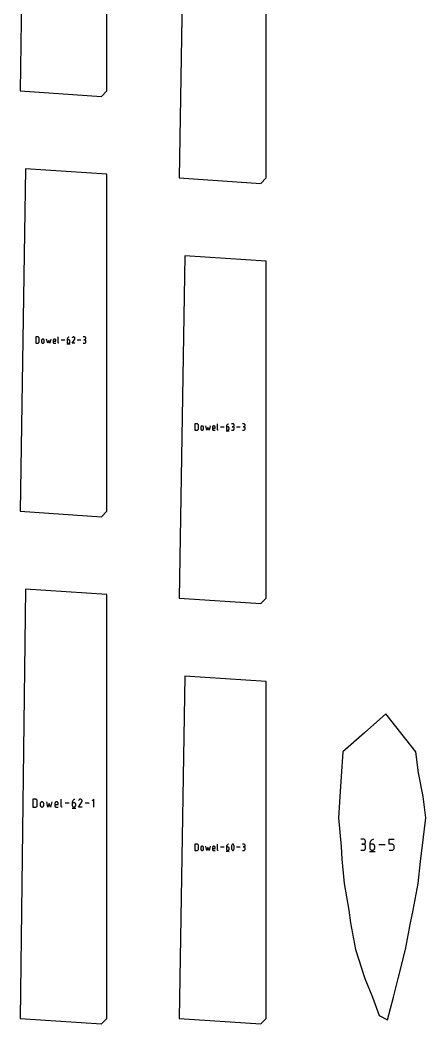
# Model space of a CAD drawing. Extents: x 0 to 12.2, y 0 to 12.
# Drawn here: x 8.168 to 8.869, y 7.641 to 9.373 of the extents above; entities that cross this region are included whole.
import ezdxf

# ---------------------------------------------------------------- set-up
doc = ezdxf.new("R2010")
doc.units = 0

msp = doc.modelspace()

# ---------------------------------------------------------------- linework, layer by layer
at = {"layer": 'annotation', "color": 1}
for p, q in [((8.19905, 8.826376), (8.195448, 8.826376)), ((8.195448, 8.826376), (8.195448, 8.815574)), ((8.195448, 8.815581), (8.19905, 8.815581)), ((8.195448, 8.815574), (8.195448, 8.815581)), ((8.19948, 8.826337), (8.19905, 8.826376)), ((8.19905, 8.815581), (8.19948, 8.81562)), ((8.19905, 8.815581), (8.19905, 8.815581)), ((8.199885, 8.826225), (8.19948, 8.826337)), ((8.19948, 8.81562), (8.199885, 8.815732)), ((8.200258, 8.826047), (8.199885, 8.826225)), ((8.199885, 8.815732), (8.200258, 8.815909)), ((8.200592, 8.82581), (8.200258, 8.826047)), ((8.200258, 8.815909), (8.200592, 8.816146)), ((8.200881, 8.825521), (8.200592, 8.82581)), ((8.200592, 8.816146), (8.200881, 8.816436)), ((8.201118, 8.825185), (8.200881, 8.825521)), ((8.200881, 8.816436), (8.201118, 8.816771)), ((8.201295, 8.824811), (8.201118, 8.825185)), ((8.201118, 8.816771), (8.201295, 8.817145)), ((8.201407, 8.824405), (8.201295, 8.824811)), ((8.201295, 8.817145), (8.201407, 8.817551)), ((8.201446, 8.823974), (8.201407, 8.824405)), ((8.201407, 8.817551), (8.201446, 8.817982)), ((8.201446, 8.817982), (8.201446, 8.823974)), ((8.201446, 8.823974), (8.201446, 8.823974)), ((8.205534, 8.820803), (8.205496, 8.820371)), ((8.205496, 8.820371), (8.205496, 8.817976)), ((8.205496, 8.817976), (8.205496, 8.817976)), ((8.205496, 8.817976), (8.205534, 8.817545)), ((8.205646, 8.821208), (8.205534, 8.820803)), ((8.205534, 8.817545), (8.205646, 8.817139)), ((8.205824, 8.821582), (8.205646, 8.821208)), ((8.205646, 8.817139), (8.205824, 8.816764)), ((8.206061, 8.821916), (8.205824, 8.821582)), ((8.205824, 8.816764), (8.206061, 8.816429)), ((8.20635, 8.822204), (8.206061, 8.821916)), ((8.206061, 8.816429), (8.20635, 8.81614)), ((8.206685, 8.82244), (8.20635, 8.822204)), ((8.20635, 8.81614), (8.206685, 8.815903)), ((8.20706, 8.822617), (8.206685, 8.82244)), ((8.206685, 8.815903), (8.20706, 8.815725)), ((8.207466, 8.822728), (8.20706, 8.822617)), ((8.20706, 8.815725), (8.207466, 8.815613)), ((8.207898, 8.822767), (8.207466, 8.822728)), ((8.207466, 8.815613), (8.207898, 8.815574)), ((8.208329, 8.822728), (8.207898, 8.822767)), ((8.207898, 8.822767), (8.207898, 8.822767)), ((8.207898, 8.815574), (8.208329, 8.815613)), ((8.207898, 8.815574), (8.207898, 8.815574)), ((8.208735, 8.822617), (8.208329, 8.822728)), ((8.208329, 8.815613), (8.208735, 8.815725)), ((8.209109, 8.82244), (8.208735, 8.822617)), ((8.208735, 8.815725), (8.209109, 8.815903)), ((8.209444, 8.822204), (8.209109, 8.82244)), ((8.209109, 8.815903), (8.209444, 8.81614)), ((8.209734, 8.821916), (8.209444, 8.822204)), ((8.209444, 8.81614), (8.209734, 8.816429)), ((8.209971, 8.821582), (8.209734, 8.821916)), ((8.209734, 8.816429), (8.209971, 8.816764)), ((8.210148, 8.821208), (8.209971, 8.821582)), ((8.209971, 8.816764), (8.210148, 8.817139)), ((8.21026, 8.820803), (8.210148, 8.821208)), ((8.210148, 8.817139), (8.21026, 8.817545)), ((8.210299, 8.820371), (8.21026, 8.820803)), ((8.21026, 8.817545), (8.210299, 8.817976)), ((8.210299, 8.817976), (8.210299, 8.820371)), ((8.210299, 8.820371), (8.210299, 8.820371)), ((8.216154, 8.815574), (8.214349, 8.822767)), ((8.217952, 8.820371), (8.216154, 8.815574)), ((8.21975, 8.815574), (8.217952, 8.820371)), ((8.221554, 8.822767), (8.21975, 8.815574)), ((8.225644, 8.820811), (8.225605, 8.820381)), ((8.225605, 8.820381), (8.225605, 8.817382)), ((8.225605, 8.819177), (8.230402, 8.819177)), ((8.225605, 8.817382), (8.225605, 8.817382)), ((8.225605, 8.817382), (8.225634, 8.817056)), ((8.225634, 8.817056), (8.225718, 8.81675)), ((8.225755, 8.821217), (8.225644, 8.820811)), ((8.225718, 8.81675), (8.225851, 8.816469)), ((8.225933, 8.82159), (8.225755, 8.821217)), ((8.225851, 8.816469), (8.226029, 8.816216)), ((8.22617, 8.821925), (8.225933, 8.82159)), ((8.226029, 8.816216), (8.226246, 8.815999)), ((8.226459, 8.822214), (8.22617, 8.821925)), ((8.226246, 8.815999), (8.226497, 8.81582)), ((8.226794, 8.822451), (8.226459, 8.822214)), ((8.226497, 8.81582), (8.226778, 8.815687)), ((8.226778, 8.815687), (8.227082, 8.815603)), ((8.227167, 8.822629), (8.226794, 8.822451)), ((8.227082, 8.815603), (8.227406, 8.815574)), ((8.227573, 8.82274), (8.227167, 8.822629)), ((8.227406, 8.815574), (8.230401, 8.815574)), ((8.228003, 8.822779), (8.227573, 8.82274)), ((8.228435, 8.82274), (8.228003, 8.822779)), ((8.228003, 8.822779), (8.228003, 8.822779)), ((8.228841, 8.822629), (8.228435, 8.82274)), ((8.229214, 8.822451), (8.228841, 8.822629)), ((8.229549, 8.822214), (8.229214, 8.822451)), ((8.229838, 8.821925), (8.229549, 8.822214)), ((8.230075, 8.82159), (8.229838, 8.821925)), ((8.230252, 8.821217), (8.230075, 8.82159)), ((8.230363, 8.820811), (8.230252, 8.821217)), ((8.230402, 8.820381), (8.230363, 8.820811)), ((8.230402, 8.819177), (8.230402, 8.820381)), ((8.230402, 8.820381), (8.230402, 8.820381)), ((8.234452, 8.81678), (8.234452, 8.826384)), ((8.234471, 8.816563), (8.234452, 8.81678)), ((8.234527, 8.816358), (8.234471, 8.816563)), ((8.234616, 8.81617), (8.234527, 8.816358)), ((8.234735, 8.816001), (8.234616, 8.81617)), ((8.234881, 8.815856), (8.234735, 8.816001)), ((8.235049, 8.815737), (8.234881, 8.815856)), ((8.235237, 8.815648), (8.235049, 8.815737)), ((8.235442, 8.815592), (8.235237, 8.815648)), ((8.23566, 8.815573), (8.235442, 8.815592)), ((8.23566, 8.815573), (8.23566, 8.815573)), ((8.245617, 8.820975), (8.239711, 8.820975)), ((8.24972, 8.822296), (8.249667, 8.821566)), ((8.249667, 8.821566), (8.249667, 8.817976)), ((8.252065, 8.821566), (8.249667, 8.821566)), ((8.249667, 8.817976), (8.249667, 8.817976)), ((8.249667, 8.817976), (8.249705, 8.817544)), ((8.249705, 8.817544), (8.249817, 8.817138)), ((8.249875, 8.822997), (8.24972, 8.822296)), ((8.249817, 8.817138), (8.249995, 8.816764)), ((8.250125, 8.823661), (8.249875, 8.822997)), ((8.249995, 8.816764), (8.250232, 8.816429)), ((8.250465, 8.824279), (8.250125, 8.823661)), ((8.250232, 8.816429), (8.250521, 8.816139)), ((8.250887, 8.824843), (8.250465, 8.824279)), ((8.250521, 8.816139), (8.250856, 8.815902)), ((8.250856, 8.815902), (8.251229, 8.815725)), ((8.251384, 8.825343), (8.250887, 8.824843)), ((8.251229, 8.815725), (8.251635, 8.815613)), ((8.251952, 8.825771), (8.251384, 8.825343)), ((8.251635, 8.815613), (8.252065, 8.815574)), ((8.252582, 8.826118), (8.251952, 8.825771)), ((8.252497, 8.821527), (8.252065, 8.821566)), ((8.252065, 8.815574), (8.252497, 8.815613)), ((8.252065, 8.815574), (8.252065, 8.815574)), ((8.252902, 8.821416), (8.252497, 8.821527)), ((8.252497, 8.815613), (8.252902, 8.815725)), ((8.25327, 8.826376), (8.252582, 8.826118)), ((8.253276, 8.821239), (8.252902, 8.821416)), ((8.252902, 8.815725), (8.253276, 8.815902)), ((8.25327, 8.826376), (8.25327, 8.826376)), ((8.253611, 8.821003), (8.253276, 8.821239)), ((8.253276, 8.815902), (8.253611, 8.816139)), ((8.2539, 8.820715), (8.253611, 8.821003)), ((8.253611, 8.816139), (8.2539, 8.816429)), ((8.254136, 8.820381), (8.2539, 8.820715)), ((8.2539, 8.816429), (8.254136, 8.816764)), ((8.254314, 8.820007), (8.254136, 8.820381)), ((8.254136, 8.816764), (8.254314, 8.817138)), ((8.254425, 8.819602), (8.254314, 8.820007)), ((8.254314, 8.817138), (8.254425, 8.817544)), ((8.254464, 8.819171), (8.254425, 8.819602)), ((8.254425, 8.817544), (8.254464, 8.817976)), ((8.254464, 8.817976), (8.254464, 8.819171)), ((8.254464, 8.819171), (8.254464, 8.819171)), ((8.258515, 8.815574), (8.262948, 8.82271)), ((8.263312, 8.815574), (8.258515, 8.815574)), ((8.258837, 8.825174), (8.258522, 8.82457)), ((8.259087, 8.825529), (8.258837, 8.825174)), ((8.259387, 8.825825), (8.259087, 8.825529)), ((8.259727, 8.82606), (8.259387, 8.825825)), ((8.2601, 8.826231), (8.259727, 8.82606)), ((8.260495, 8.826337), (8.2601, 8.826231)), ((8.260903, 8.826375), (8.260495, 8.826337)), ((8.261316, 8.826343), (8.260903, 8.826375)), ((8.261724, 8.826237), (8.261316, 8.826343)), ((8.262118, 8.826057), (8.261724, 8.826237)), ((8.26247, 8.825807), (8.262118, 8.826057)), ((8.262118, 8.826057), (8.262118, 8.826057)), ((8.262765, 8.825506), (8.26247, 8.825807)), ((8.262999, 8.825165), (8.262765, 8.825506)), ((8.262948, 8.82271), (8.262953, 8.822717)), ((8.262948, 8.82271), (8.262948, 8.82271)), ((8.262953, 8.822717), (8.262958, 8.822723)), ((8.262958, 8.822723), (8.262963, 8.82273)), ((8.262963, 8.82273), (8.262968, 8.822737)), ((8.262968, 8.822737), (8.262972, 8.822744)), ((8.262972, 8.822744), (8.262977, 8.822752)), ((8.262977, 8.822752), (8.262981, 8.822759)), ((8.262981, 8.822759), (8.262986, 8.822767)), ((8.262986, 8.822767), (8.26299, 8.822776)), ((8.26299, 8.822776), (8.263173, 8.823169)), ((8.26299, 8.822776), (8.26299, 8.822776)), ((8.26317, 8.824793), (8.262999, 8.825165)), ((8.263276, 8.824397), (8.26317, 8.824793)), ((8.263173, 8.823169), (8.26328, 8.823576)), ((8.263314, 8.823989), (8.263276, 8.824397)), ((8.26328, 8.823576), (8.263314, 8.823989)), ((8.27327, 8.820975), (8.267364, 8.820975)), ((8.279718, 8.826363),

━━━━

• **WHAT TO DO**: From the records above, copy every line that holds the word "layer".

• **RESPONSE FOR THIS EXERCISE**:
# ---------------------------------------------------------------- linework, layer by layer
at = {"layer": 'annotation', "color": 1}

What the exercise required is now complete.